-- INFORMATION PROVIDED follows --
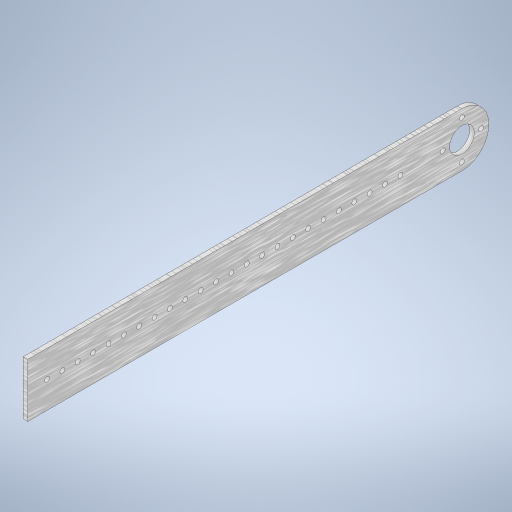
# Autodesk Inventor part: shoulder1_bottom_plate
Saved by Autodesk Inventor 2024 (Build 280153000, 153)
## iProperties
Company: 細田研究室
Created: 2025-06-07
Part Number: shoulder1_bottom_plate
Material: アルミニウム 5052
Document SubType Name: Modeling
Designer: HosodaLab2
Density: 2.68 g/cm^3
Appearance: サテン - ブラシ仕上げ 重厚
Mass: 70.367 g
Surface Area: 200.69 cm^2
Volume: 26.0618 cm^3
Stock Number: 1
個数: 1
Author: HosodaLab2
Autodesk Inventor part; units mm, degrees
ref_plane "YZ Plane" through (0, 0, 0) normal (1, 0, 0) x (0, 1, 0)
ref_plane "XZ Plane" through (0, 0, 0) normal (0, 1, 0) x (-1, 0, 0)
ref_plane "XY Plane" through (0, 0, 0) normal (0, 0, 1) x (1, 0, 0)
sketch "スケッチ1" plane through (0, 0, 0) normal (0, 1, 0) x (-1, 0, 0)
  line L0 (0, 0) -> (-300, 0)
  line L1 (-300, 0) -> (-300, -35)
  line L2 (-300, -35) -> (0, -35)
  line L3 (0, -35) -> (0, 0)
  arc A0 (-17.5, -35) -> (-17.5, 0) centre (-17.5, -17.5) ccw
  point P0 (-17.5, -17.5)
  dimension "d0" = 300
  dimension "d1" = 35
  dimension "d2" = 17.5
  dimension "d3" = 17.5
  dimension "d43" = 17.5
  constraints: 8 end point, 2 parallel, 2 point on circle, 2 point on line, 2 tangent, 1 centre point, 1 horizontal, 1 perpendicular
  measures "d0" distance of L2.end L1.end
  measures "d1" distance of L1.end L0.end
  measures "d2" distance from line of L2 point (-17.5, -17.5)
  measures "d3" distance from line of point (-17.5, -17.5) L3
  measures "d43" distance from line of L3 A0.centre
extrude "押し出し1" add sketch "スケッチ1" along normal blind 3 contours A0 L2 L1 L0
sketch "スケッチ2" plane through (0, 3, 0) normal (0, 1, 0) x (1, 0, 0)
  arc A0 (17.5, 35) -> (17.5, 0) centre (17.5, 17.5) ccw projected
  line L0 (300, 35) -> (17.5, 35) projected
  point P0 (0, 0)
  point P1 (0, 17.5)
  constraints: 1 coincident, 1 point on circle
hole "穴1" at (17.5, 3, -17.5) direction (0, -1, 0) diameter 16 end through all
sketch "スケッチ3" plane through (0, 3, 0) normal (0, 1, 0) x (1, 0, 0)
  line L0 (300, 0) -> (300, 35) projected
  arc A0 (17.5, 35) -> (17.5, 0) centre (17.5, 17.5) ccw construction
  line L1 (17.5, 17.5) -> (300, 17.5) construction
  line L2 (300, 0) -> (300, 35) construction
  point P0 (0, 0)
  point P1 (57.5, 17.5)
  point P2 (67.5, 17.5)
  point P3 (77.5, 17.5)
  point P4 (87.5, 17.5)
  point P5 (97.5, 17.5)
  point P6 (107.5, 17.5)
  point P7 (117.5, 17.5)
  point P8 (127.5, 17.5)
  point P9 (137.5, 17.5)
  point P10 (147.5, 17.5)
  point P11 (157.5, 17.5)
  point P12 (167.5, 17.5)
  point P13 (177.5, 17.5)
  point P14 (187.5, 17.5)
  point P15 (197.5, 17.5)
  point P16 (207.5, 17.5)
  point P17 (217.5, 17.5)
  point P18 (227.5, 17.5)
  point P19 (237.5, 17.5)
  point P20 (247.5, 17.5)
  point P21 (257.5, 17.5)
  point P22 (267.5, 17.5)
  point P23 (277.5, 17.5)
  point P24 (287.5, 17.5)
  dimension "d108" = 40
  dimension "d111" = 10
  constraints: 2 end point, 1 horizontal, 1 midpoint, 1 perpendicular, 1 point on line, 23 other
  measures "d108" distance of point (57.5, 17.5) L1.start
  measures "d111" distance of point (57.5, 17.5) point (67.5, 17.5)
hole "穴7" at (57.5, 3, -17.5) at (67.5, 3, -17.5) at (77.5, 3, -17.5) at (87.5, 3, -17.5) at (97.5, 3, -17.5) at (107.5, 3, -17.5) at (117.5, 3, -17.5) at (127.5, 3, -17.5) at (137.5, 3, -17.5) at (147.5, 3, -17.5) at (157.5, 3, -17.5) at (167.5, 3, -17.5) at (177.5, 3, -17.5) at (187.5, 3, -17.5) at (197.5, 3, -17.5) at (207.5, 3, -17.5) at (217.5, 3, -17.5) at (227.5, 3, -17.5) at (237.5, 3, -17.5) at (247.5, 3, -17.5) at (257.5, 3, -17.5) at (267.5, 3, -17.5) at (277.5, 3, -17.5) at (287.5, 3, -17.5) direction (0, -1, 0) diameter 3.2 end through all
sketch "スケッチ10" plane through (0, 3, 0) normal (0, 1, 0) x (1, 0, 0)
  circle A0 centre (17.5, 17.5) radius 8 construction
  circle A1 centre (17.5, 17.5) radius 12.5 construction
  point P0 (0, 0)
  point P1 (17.5, 5)
  point P2 (30, 17.5)
  point P3 (17.5, 30)
  point P4 (5, 17.5)
  dimension "d123" = 25
  dimension "d126" = 360
  constraints: 1 coincident, 1 vertical alignment, 7 other
hole "穴8" at (17.5, 3, -5) at (30, 3, -17.5) at (17.5, 3, -30) at (5, 3, -17.5) direction (0, -1, 0) diameter 3.2 end through all
-- INFORMATION PROVIDED concluded --
For the lines above, output exactly those from the line containing "point P12 (167.5, 17.5)" through the line containing "point (67.5, 17.5)", and skip the others.

[COMPLETED TASK]
  point P12 (167.5, 17.5)
  point P13 (177.5, 17.5)
  point P14 (187.5, 17.5)
  point P15 (197.5, 17.5)
  point P16 (207.5, 17.5)
  point P17 (217.5, 17.5)
  point P18 (227.5, 17.5)
  point P19 (237.5, 17.5)
  point P20 (247.5, 17.5)
  point P21 (257.5, 17.5)
  point P22 (267.5, 17.5)
  point P23 (277.5, 17.5)
  point P24 (287.5, 17.5)
  dimension "d108" = 40
  dimension "d111" = 10
  constraints: 2 end point, 1 horizontal, 1 midpoint, 1 perpendicular, 1 point on line, 23 other
  measures "d108" distance of point (57.5, 17.5) L1.start
  measures "d111" distance of point (57.5, 17.5) point (67.5, 17.5)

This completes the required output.